After just 23 h of sampling with the systematic pixel mask (Fig. 10, left half of panels), almost all angular bins for all scene types are sampled. The most frequent scene types (e.g., cloudy ocean) typically have every angular bin filled with hundreds to thousands of samples, whereas the least frequent scene types (e.g., cloudy desert) typically have around 10 or fewer samples in each angular bin. Only a couple of sporadic angular bins are not sampled in the outer VZA, mainly because fewer ADM samples are co-located with the Cookie Dough data (see Fig. 9) and are therefore not included in the counts.

The same 23 h of sampling with the randomized pixel mask at a scaling factor of 50 % (Fig. 10, right half of panels) also provides excellent angular sampling of these scene types. Despite the overall count being reduced by half, every angular bin for every scene type contains at least one sample in this configuration. This result is broadly consistent across 3 other simulated days spanning the annual cycle (1 April, 1 July, 1 October; not shown) and is therefore not dependent on the specific day chosen. Due to the improved angular coverage and the reduced data rate, the randomized pixel mask at a scaling factor of 50 % is used in the remainder of this section to explore the sampling in further detail.

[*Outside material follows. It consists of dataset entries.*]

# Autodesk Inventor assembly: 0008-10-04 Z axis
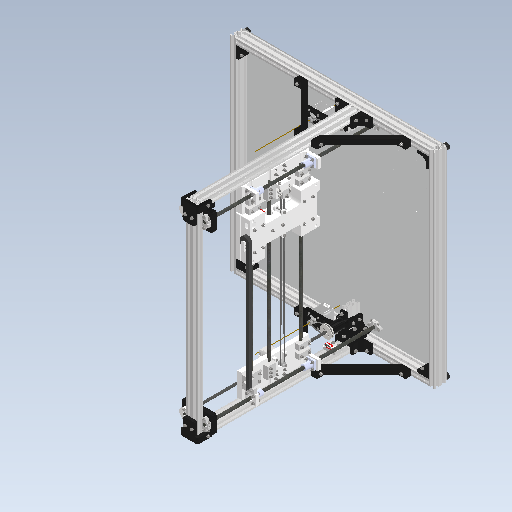
[picture p0: Inventor's stored thumbnail of the model, 512x512]
Saved by Autodesk Inventor 2020 (Build 240168000, 168)
## iProperties
Created: 2021-02-20
Part Number: 0008-10-04 Z axis
Document SubType Name: Assembly
Designer: Iulian Bors
Description: Z axis
Author: Iulian Bors
Subject: 10-04
## Documents named in this file (27)
- Z:\I.A.B\Proiecte\0008 I.A.B 3D 2.1 Imprimanta aracet Metal\10 Mecanic\0008-10-04 Z axis.iam
- Z:\I.A.B\Proiecte\0008 I.A.B 3D 2.1 Imprimanta aracet Metal\10 Mecanic\0008-10-1001 NEMA17 - Motor de passo.ipt
- Z:\I.A.B\Proiecte\0008 I.A.B 3D 2.1 Imprimanta aracet Metal\10 Mecanic\0008-10-1011 GT2 Timing Pulley 20 Tooth.ipt
- Z:\I.A.B\Proiecte\0008 I.A.B 3D 2.1 Imprimanta aracet Metal\10 Mecanic\0008-10-1010 Bara 10.ipt
- Z:\I.A.B\Proiecte\0008 I.A.B 3D 2.1 Imprimanta aracet Metal\10 Mecanic\0008-10-1014 T8 screw.ipt
- Z:\I.A.B\Proiecte\0008 I.A.B 3D 2.1 Imprimanta aracet Metal\10 Mecanic\0008-10-016 Suport Motor Z.ipt
- Z:\I.A.B\Proiecte\0008 I.A.B 3D 2.1 Imprimanta aracet Metal\10 Mecanic\0008-10-1005 ISO 1224-1 - 10 - 8 x 22 x 7.ipt
- Z:\I.A.B\Proiecte\0008 I.A.B 3D 2.1 Imprimanta aracet Metal\10 Mecanic\0008-10-015 roata condusa GT2.ipt
- Z:\I.A.B\Proiecte\0008 I.A.B 3D 2.1 Imprimanta aracet Metal\10 Mecanic\0008-10-1015 Synchronous Belt2.ipt
- Z:\I.A.B\Proiecte\0008 I.A.B 3D 2.1 Imprimanta aracet Metal\10 Mecanic\0008-10-021 Suport Motor Z R.ipt
- Z:\I.A.B\Proiecte\0008 I.A.B 3D 2.1 Imprimanta aracet Metal\10 Mecanic\0008-10-1022 SHF10.ipt
- Z:\I.A.B\Proiecte\0008 I.A.B 3D 2.1 Imprimanta aracet Metal\10 Mecanic\0008-10-034 Suport_Rulment.ipt
- Z:\I.A.B\Proiecte\0008 I.A.B 3D 2.1 Imprimanta aracet Metal\20 Electric\0008-20-1003 Switch.ipt
- Z:\I.A.B\Proiecte\0008 I.A.B 3D 2.1 Imprimanta aracet Metal\10 Mecanic\0008-10-056.ipt
- Z:\I.A.B\Proiecte\0008 I.A.B 3D 2.1 Imprimanta aracet Metal\10 Mecanic\0008-10-01 Sckeleton_Shrinkwrap.ipt
- Z:\I.A.B\Proiecte\0008 I.A.B 3D 2.1 Imprimanta aracet Metal\10 Mecanic\0008-10-2001 DIN 934 - M4 x 0.7.ipt
- Z:\I.A.B\Proiecte\0008 I.A.B 3D 2.1 Imprimanta aracet Metal\10 Mecanic\0008-10-2000 DIN 6912 - M4 x 25.ipt
- Z:\I.A.B\Proiecte\0008 I.A.B 3D 2.1 Imprimanta aracet Metal\10 Mecanic\0008-10-2025 DIN 7984 - M4 x 20.ipt
- Z:\I.A.B\Proiecte\0008 I.A.B 3D 2.1 Imprimanta aracet Metal\10 Mecanic\0008-10-2002 DIN 125 - A 4.3.ipt
- Z:\I.A.B\Proiecte\0008 I.A.B 3D 2.1 Imprimanta aracet Metal\10 Mecanic\SurubM4x35.iam
- Z:\I.A.B\Proiecte\0008 I.A.B 3D 2.1 Imprimanta aracet Metal\10 Mecanic\0008-10-2010 M 5 Canal.ipt
- Z:\I.A.B\Proiecte\0008 I.A.B 3D 2.1 Imprimanta aracet Metal\10 Mecanic\0008-10-2011 DIN 7984 - M5 x 16.ipt
- Z:\I.A.B\Proiecte\0008 I.A.B 3D 2.1 Imprimanta aracet Metal\10 Mecanic\0008-10-2012 DIN 125 - A 5.3.ipt
- Z:\I.A.B\Proiecte\0008 I.A.B 3D 2.1 Imprimanta aracet Metal\10 Mecanic\0008-10-2005 DIN 125 - A 3.2.ipt
- Z:\I.A.B\Proiecte\0008 I.A.B 3D 2.1 Imprimanta aracet Metal\10 Mecanic\0008-10-2006 DIN 7984 - M3 x 16.ipt
- Z:\I.A.B\Proiecte\0008 I.A.B 3D 2.1 Imprimanta aracet Metal\10 Mecanic\0008-10-2026.ipt
- Z:\I.A.B\Proiecte\0008 I.A.B 3D 2.1 Imprimanta aracet Metal\10 Mecanic\0008-10-02 X Axis_Shrinkwrap_1.ipt
## Components (111 placed, 27 different names)
1. 0008-10-1010 Bara 10.ipt:1 — Flush:35, Insert:15, Insert:16
2. 0008-10-1010 Bara 10.ipt:2 — Flush:35, Insert:17, Insert:18, Mate:231
3. 0008-10-1014 T8 screw.ipt:3 — Mate:47, Mate:50, Mate:168
4. 0008-10-1014 T8 screw.ipt:4 — Mate:57, Mate:58, Mate:82, Mate:113, Mate:176, Mate:230
5. 0008-10-021 Suport Motor Z R.ipt:5 — Mate:47, Mate:48, Mate:49, Insert:6, Mate:211, Mate:213, Mate:214, Insert:60, Insert:61, Insert:62, Insert:84, Insert:85, Insert:86, Insert:87
6. 0008-10-1005 ISO 1224-1 - 10 - 8 x 22 x 7.ipt:6 — Insert:4, Insert:6
7. 0008-10-015 roata condusa GT2.ipt:7 — Insert:4, Mate:202, Mate:225, Mate:226
8. 0008-10-1001 NEMA17 - Motor de passo.ipt:8 — Insert:5, Mate:48, Mate:49
9. 0008-10-1011 GT2 Timing Pulley 20 Tooth.ipt:9 — Insert:5, Mate:51, Mate:52
10. 0008-10-1015 Synchronous Belt2.ipt:10 — Mate:50, Mate:51, Mate:52, Mate:202
11. 0008-10-016 Suport Motor Z.ipt:11 — Mate:82, Angle:1, Angle:2, Mate:207, Mate:208, Mate:209, Mate:211, Flush:143, Mate:215, Mate:216, Mate:224, Insert:69, Insert:70, Insert:71, Insert:73, Insert:77, Insert:78, Insert:79
12. 0008-10-1005 ISO 1224-1 - 10 - 8 x 22 x 7.ipt:12
13. 0008-10-015 roata condusa GT2.ipt:13 — Mate:57, Mate:227, Mate:228
14. 0008-10-1001 NEMA17 - Motor de passo.ipt:14 — Mate:113
15. 0008-10-1011 GT2 Timing Pulley 20 Tooth.ipt:15
16. 0008-10-1015 Synchronous Belt2.ipt:16 — Mate:58, Mate:224
17. 0008-10-1022 SHF10.ipt:17 — Insert:16, Flush:140, Mate:220, Mate:221, Insert:25, Insert:33, Insert:37
18. 0008-10-1022 SHF10.ipt:18 — Insert:18, Flush:140, Insert:21, Insert:27, Insert:44, Insert:45, Insert:96
19. 0008-10-1022 SHF10.ipt:19 — Insert:17, Mate:219, Insert:29, Insert:46, Insert:47
20. 0008-10-1022 SHF10.ipt:20 — Insert:15, Mate:222, Insert:24, Insert:50, Insert:51
21. 0008-10-034 Suport_Rulment.ipt:21 — Mate:217, Angle:6, Insert:52, Insert:53
22. 0008-10-1005 ISO 1224-1 - 10 - 8 x 22 x 7.ipt:22 — Mate:168
23. 0008-10-034 Suport_Rulment.ipt:23 — Mate:218, Angle:7, Insert:48, Insert:49
24. 0008-10-1005 ISO 1224-1 - 10 - 8 x 22 x 7.ipt:24 — Mate:176
25. 0008-20-1003 Switch.ipt:25 — Mate:206, Flush:135, Flush:136, Insert:88, Insert:89
26. 0008-10-056.ipt:26 — Mate:206, Flush:135, Flush:136, Mate:223, Flush:144, Insert:94, Insert:95
27. 0008-10-01 Sckeleton_Shrinkwrap.ipt:27 — Flush:143, Mate:213, Mate:214, Mate:215, Mate:216, Mate:217, Angle:6, Mate:218, Angle:7, Insert:21, Mate:219, Mate:220, Mate:221, Mate:222, Mate:223, Flush:144
28. 0008-10-2001 DIN 934 - M4 x 0.7.ipt:28
29. 0008-10-2000 DIN 6912 - M4 x 25.ipt:29 — Insert:24
30. 0008-10-2001 DIN 934 - M4 x 0.7.ipt:30
31. 0008-10-2000 DIN 6912 - M4 x 25.ipt:31 — Insert:25
32. 0008-10-2001 DIN 934 - M4 x 0.7.ipt:32
33. 0008-10-2000 DIN 6912 - M4 x 25.ipt:33 — Insert:27
34. 0008-10-2001 DIN 934 - M4 x 0.7.ipt:34
35. 0008-10-2000 DIN 6912 - M4 x 25.ipt:35 — Insert:29
36. 0008-10-2025 DIN 7984 - M4 x 20.ipt:36 — Insert:30, Insert:31
37. 0008-10-2001 DIN 934 - M4 x 0.7.ipt:37 — Insert:31, Insert:32
38. 0008-10-2002 DIN 125 - A 4.3.ipt:38 — Insert:30, Insert:33
39. 0008-10-2002 DIN 125 - A 4.3.ipt:39 — Insert:32
40. 0008-10-2025 DIN 7984 - M4 x 20.ipt:40
41. 0008-10-2001 DIN 934 - M4 x 0.7.ipt:41
42. 0008-10-2002 DIN 125 - A 4.3.ipt:42 — Insert:37
43. 0008-10-2002 DIN 125 - A 4.3.ipt:43
44. 0008-10-2025 DIN 7984 - M4 x 20.ipt:44
45. 0008-10-2001 DIN 934 - M4 x 0.7.ipt:45
46. 0008-10-2002 DIN 125 - A 4.3.ipt:46 — Insert:44
47. 0008-10-2002 DIN 125 - A 4.3.ipt:47
48. 0008-10-2025 DIN 7984 - M4 x 20.ipt:48 — Mate:229
49. 0008-10-2001 DIN 934 - M4 x 0.7.ipt:49
50. 0008-10-2002 DIN 125 - A 4.3.ipt:50 — Insert:45
51. 0008-10-2002 DIN 125 - A 4.3.ipt:51
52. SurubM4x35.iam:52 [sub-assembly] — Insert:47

Figure 11Number of samples in ERBE-like angular bins and scene types after 23 h of synthetic camera sampling with the randomized pixel mask with a 50 % scaling factor, additionally stratified by (a–f) CERES-TRMM cloud optical depth (COD) bins over land. White indicates no samples. In each panel, results are shown for the most frequent scene type of overcast ocean on the left and the least frequent scene type of overcast desert on the right. The percentage of angular bins filled in each case is given in red. Data from 1 January 2021.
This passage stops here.